それからまた霧雨が川を通り過ぎたり、急流に沿って流れて行く。

 

昼食後は馬車に乗って崖沿いにドライブし、その後で大きな吊り橋(Suspension Bridge)を渡ってカナダ側にも行ったりした。

橋そのものが驚嘆ものであり、これを生み出した頭脳とそれを作り上げた技術の創意工夫をこれ以上ないほど見せつけている。

 

Suspension Bridge, 1895年

 

 ホースシューの滝では、近づくほどに季節が冬であることを嫌という程思い知らされた。

塀にも建物にもたくさんの氷柱、木々はきらきら輝く水晶のような氷に覆われ、断崖の縁の土手にかかった鉄条網には大小様々な形の氷柱がぶら下がり不思議な模様を作っていた。

 

沸き立つ湖にも行き、雪の上で野外写真を撮ってもらった。

そして本当に色々なことを学んだ楽しい訪問を終えて、ブルックリンの私たちの家に生涯の記念となるべく大切な写真を持って戻ってきたのだった。

 

 ボストンを去る前、私が1月のうちにやるつもりでいた家族の集まりを、いとこのN・G・スネリング氏が彼のお宅で開いてくれ、そこに私たち一行を招待してくれた。

 

( ブログ主注:

 Nathaniel G Snelling : 1823-1902.  はリリウオカラニの夫ドミニスのいとこ。

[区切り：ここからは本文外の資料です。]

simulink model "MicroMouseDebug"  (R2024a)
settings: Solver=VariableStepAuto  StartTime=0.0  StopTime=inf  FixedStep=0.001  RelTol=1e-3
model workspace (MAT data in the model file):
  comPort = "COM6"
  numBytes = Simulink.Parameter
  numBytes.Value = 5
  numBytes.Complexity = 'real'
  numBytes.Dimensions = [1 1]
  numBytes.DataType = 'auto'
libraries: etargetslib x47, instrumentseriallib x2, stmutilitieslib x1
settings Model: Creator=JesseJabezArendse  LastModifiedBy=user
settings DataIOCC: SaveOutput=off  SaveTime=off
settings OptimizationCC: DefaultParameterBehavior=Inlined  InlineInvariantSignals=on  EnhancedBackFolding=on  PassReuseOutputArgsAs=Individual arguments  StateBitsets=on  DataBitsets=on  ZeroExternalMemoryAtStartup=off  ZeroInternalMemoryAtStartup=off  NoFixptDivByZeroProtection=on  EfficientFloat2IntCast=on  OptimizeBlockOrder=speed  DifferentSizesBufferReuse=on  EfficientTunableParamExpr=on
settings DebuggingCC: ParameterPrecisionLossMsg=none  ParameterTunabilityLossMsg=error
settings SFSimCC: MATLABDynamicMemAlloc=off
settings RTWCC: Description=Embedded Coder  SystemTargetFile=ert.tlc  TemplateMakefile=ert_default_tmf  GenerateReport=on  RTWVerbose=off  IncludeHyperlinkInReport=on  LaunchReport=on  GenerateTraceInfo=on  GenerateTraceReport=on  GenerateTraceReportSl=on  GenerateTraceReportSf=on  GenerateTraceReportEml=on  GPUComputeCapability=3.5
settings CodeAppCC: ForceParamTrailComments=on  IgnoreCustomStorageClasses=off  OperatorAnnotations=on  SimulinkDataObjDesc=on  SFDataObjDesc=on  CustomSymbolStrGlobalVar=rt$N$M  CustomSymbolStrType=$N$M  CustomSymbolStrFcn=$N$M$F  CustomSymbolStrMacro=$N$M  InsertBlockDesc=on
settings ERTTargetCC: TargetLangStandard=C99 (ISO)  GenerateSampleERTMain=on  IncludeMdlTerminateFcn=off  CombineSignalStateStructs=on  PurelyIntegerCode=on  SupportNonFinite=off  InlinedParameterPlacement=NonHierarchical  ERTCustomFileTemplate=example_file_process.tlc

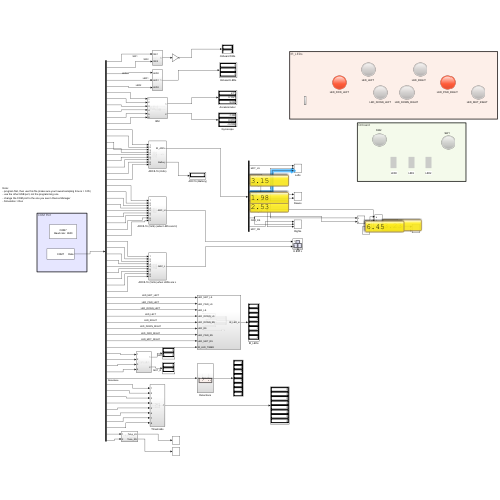
[thumbnail: Simulink's stored preview of the top-level diagram]
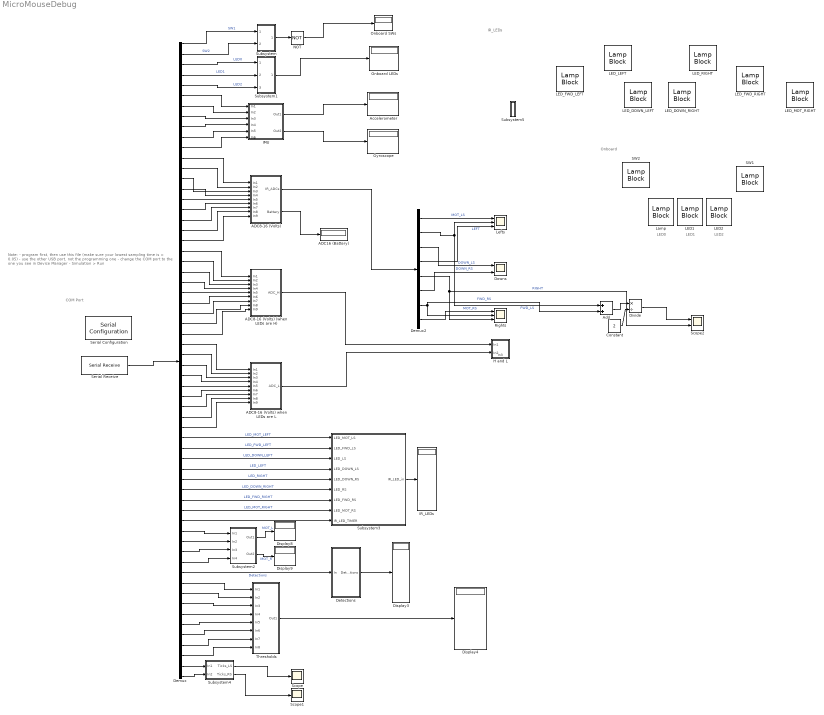
== system MicroMouseDebug ==
  note: Note:
      | - program first, then use this file (make sure your lowest sampling time is > 0.05)
      | - use the other USB port, not the programming one
      | - change the COM port to the one you see in Device Manager
      | - Simulation > Run
  note: Onboard
  note: LED0
  note: LED1
  note: LED2
  note: COM Port
  note: IR_LEDs
  ADC16 (Battery) : Display
  ADC8-16 (Volts) : Subsystem
  ADC8-16 (Volts) (when LEDs are H) : Subsystem
  ADC8-16 (Volts) when LEDs are L : Subsystem
  Accelerometer : Display
  Add : Sum
  Constant : Constant  Value=2
  Demux : Demux  Outputs=[1 1 1 1 1 4 4 4 4 4 4 2 2 2 2 2 2 2 2 2 2 2 2 2 2 2 2 2 2 2 2 2 2 2 2 2 2 2 1 1 1 1 1 1 1 1 4 2 2 2 2 8 2 2 2 2 2 2 2 2 4 4]
  Demux2 : Demux  Outputs=8
  Detections : Subsystem
  Display{3..4,8..9} (4 alike) : Display
  Divide : Product  Inputs=*/
  Downs : Scope  NumInputPorts=2
  Gyroscope : Display
  H and L : Subsystem
      settings: PortSchema="{\"entries\":[{\"content\":{\"sides\":[{\"content\":{\"connectorIds\":[\"In1\",\"In2\"]},\"type\":\"ConnectorPlacement.EquallySpacedRectSide\",\"uuid\":\"23d90d47-3dd1-43a3-8642-4eeff2833ca2\"},{\"content\":{\"side\":\"RIGHT\"},\"type\":\"ConnectorPlacement.EquallySpacedRectSide\",\"uuid\":\"72df7799-ca48-4914-91a2-cf4219a75fb9\"},{\"content\":{\"side\":\"TOP\"},\"type\":\"ConnectorPlacement.EquallySpacedRectSide\",\"uuid\":\"e5433b1e-26b9-4d31-8a79-7ab9e115cb00\"},{\"content\":{\"connectorIds\":[\"In3\"],\"side\":\"BOTTOM\"},\"type\":\"ConnectorPlacement.EquallySpacedRectSide\",\"uuid\":\"f8f19e1d-5eb6-4903-a782-b2a1368bb0bb\"}]},\"type\":\"ConnectorPlacement.EquallySpacedConnector\",\"uuid\":\"15bbc7f4-775b-4e52-896d-662c61b2b1c9\"}],\"packageUris\":[\"http://schema.mathworks.com/mf0/Connector/R2020b\"],\"version\":\"1.0\"}"
  IMU : Subsystem
  IR_LEDs : Display
  LED1 : LampBlock  LabelPosition=Hide  Icon=Rectangle
  LED2 : LampBlock  LabelPosition=Hide  Icon=Rectangle
  LED_DOWN_LEFT : LampBlock  LabelPosition=Hide
  LED_DOWN_RIGHT : LampBlock  LabelPosition=Hide
  LED_FWD_LEFT : LampBlock  LabelPosition=Hide
  LED_FWD_RIGHT : LampBlock  LabelPosition=Hide
  LED_LEFT : LampBlock  LabelPosition=Hide
  LED_MOT_RIGHT : LampBlock  LabelPosition=Hide
  LED_RIGHT : LampBlock  LabelPosition=Hide
  Lamp : LampBlock  LabelPosition=Hide  Icon=Rectangle
  Lefts : Scope  NumInputPorts=3
  NOT : Logic  Operator=NOT  IconShape=distinctive  AllPortsSameDT=off  OutDataTypeStr=boolean
  Onboard LEDs : Display
  Onboard SWs : Display
  Rights : Scope  NumInputPorts=3
  SW1 : LampBlock  LabelPosition=Hide
  SW2 : LampBlock  LabelPosition=Hide
  Scope : Scope
  Scope1 : Scope
  Scope2 : Scope  NumInputPorts=2
  Serial Configuration : instrumentseriallib/Serial Configuration  Priority=-200000  PortSel=COM7  Port=COM7  ComPort=COM7  BaudRate=9600  DataBits=8  Parity=none  StopBits=1  ByteOrder=little-endian  FlowControl=none  Timeout=10  SimulateUsing=Interpreted execution  BlockInModel=on  aMode=1
      settings: LibrarySourceBlock=embeddedtargetslib/Host Communication/Serial Configuration
  Serial Receive : instrumentseriallib/Serial Receive  Priority=1  PortSel=COM7  Port=COM7  ComPort=COM7  DataType=uint8  SaveDataType=uint8  ToggleHeader=on  Header='JJA'  ToggleDataSize=on  DataSize=[1 135]  ToggleTerminator=on  Terminator=Custom terminator  CustomTerminator='3099'  InputFormat=Column major  EnableBlockingMode=on  ActionDataUnavailable=Output last received value  ActionWhenDataUnavailable=Output last received value  CustomValue=0  SampleTime=0.1  SimulateUsing=Interpreted execution  BlockInModel=on  aMode=1
      settings: LibrarySourceBlock=embeddedtargetslib/Host Communication/Serial Receive
  Subsystem : Subsystem
  Subsystem1 : Subsystem
  Subsystem2 : Subsystem
  Subsystem3 : Subsystem
  Subsystem4 : Subsystem
  Subsystem5 : Subsystem
  Thresholds : Subsystem
  wires:
  Serial Receive/1 -> Demux/1
  Demux/12 -> ADC8-16 (Volts)/1(In1)
  Demux/13 -> ADC8-16 (Volts)/2(In2)
  Demux/14 -> ADC8-16 (Volts)/3(In3)
  Demux/15 -> ADC8-16 (Volts)/4(In4)
  Demux/16 -> ADC8-16 (Volts)/5(In5)
  Demux/17 -> ADC8-16 (Volts)/6(In6)
  Demux/18 -> ADC8-16 (Volts)/7(In7)
  Demux/19 -> ADC8-16 (Volts)/8(In8)
  Demux/20 -> ADC8-16 (Volts)/9(In9)
  Demux/6 -> IMU/1(In1)
  Demux/7 -> IMU/2(In2)
  Demux/8 -> IMU/3(In3)
  Demux/9 -> IMU/4(In4)
  Demux/10 -> IMU/5(In5)
  Demux/11 -> IMU/6(In6)
  IMU/1(Out1) -> Accelerometer/1
  IMU/2(Out2) -> Gyroscope/1
  Demux/1 -> Subsystem/1(SW1)  "SW1"
  Demux/2 -> Subsystem/2(SW2)  "SW2"
  Subsystem/1(Out1) -> NOT/1
  Demux/3 -> Subsystem1/1(LED0)  "LED0"
  Demux/4 -> Subsystem1/2(LED1)  "LED1"
  Demux/5 -> Subsystem1/3(LED2)  "LED2"
  Subsystem1/1(Out1) -> Onboard LEDs/1
  Demux/38 -> ADC8-16 (Volts) when LEDs are L/9(In9)
  Demux/37 -> ADC8-16 (Volts) when LEDs are L/8(In8)
  Demux/34 -> ADC8-16 (Volts) when LEDs are L/5(In5)
  Demux/33 -> ADC8-16 (Volts) when LEDs are L/4(In4)
  Demux/35 -> ADC8-16 (Volts) when LEDs are L/6(In6)
  Demux/32 -> ADC8-16 (Volts) when LEDs are L/3(In3)
  Demux/36 -> ADC8-16 (Volts) when LEDs are L/7(In7)
  Demux/31 -> ADC8-16 (Volts) when LEDs are L/2(In2)
  Demux/30 -> ADC8-16 (Volts) when LEDs are L/1(In1)
  Demux/29 -> ADC8-16 (Volts) (when LEDs are H)/9(In9)
  Demux/28 -> ADC8-16 (Volts) (when LEDs are H)/8(In8)
  Demux/25 -> ADC8-16 (Volts) (when LEDs are H)/5(In5)
  Demux/24 -> ADC8-16 (Volts) (when LEDs are H)/4(In4)
  Demux/26 -> ADC8-16 (Volts) (when LEDs are H)/6(In6)
  Demux/23 -> ADC8-16 (Volts) (when LEDs are H)/3(In3)
  Demux/27 -> ADC8-16 (Volts) (when LEDs are H)/7(In7)
  Demux/22 -> ADC8-16 (Volts) (when LEDs are H)/2(In2)
  Demux/21 -> ADC8-16 (Volts) (when LEDs are H)/1(In1)
  Demux/39 -> Subsystem3/1(LED_MOT_LS)  "LED_MOT_LEFT"
  Demux/40 -> Subsystem3/2(LED_FWD_LS)  "LED_FWD_LEFT"
  Demux/41 -> Subsystem3/3(LED_LS)  "LED_DOWN_LEFT"
  Demux/46 -> Subsystem3/8(LED_MOT_RS)  "LED_MOT_RIGHT"
  Demux/47 -> Subsystem3/9(IR_LED_TIMER)
  Subsystem2/2(Out2) -> Display9/1  "MOT_R"
  Demux/50 -> Subsystem2/3(In3)
  Demux/48 -> Subsystem2/1(In1)
  Demux/51 -> Subsystem2/4(In4)
  Subsystem2/1(Out1) -> Display8/1  "MOT_L"
  Demux/49 -> Subsystem2/2(In2)
  Demux/42 -> Subsystem3/4(LED_DOWN_LS)  "LED_LEFT"
  Demux/43 -> Subsystem3/5(LED_DOWN_RS)  "LED_RIGHT"
  Demux/44 -> Subsystem3/6(LED_RS)  "LED_DOWN_RIGHT"
  Demux/45 -> Subsystem3/7(LED_FWD_RS)  "LED_FWD_RIGHT"
  Demux2/1 -> Lefts/1  "MOT_LS"
  Demux2/2 -> Add/1, Lefts/2  "FWD_LS"
  Demux2/4 -> Lefts/3  "LEFT"
  Demux2/5 -> Scope2/2, Rights/3  "RIGHT"
  Demux2/7 -> Rights/2, Add/2  "FWD_RS"
  Demux2/8 -> Rights/1  "MOT_RS"
  Subsystem3/1(IR_LED_in) -> IR_LEDs/1
  NOT/1 -> Onboard SWs/1
  Demux/53 -> Thresholds/1(In1)
  Demux/54 -> Thresholds/2(In2)
  Demux/55 -> Thresholds/3(In3)
  Demux/56 -> Thresholds/4(In4)
  Demux/57 -> Thresholds/5(In5)
  Demux/58 -> Thresholds/6(In6)
  Demux/59 -> Thresholds/7(In7)
  Demux/60 -> Thresholds/8(In8)
  Demux2/3 -> Downs/1  "DOWN_LS"
  Demux2/6 -> Downs/2  "DOWN_RS"
  ADC8-16 (Volts)/2(Battery) -> ADC16 (Battery)/1
  ADC8-16 (Volts)/1(IR_ADCs) -> Demux2/1
  Demux/52 -> Detections/1(In)  "Detections"
  Detections/1(Detections) -> Display3/1
  Demux/61 -> Subsystem4/1(In1)
  Demux/62 -> Subsystem4/2(In2)
  Subsystem4/1(Ticks_LS) -> Scope/1
  Subsystem4/2(Ticks_RS) -> Scope1/1
  ADC8-16 (Volts) when LEDs are L/1(ADC_L) -> H and L/2(In2)
  ADC8-16 (Volts) (when LEDs are H)/1(ADC_H) -> H and L/1(In1)
  Thresholds/1(Out1) -> Display4/1
  Add/1 -> Divide/1
  Constant/1 -> Divide/2
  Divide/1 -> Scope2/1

 ドミニスの母の姉サラ Sarah Dargue Jones と夫 Enoch Howes Snelling の息子に当たる。)

 

一族郎党全員集合したかと思うほど集まった家族たちと会う喜びに恵まれた。

三十人以上の親類、それに心優しき招待主の本当に親しい友人たち数名も集まった。

一つの部屋の中央は、飲み物や軽食がいっぱいの花々でからざれたエレガントなテーブルですっかり占められており、あらゆる点で私たちには楽しいことばかりだった。

 

親戚たちと対面し、それぞれの口から心のこもった歓迎の気持ちを伝えられたことは、あの長く辛い経験の後では尋常ならぬほど救われた気持ちになった。

そして、かつて、私の夫が自分の一族に挨拶をし、カピオラニ王妃とともにボストンの栄光ある客人となったあの時の家族パーティーが、私に鮮やかに蘇えったのだった。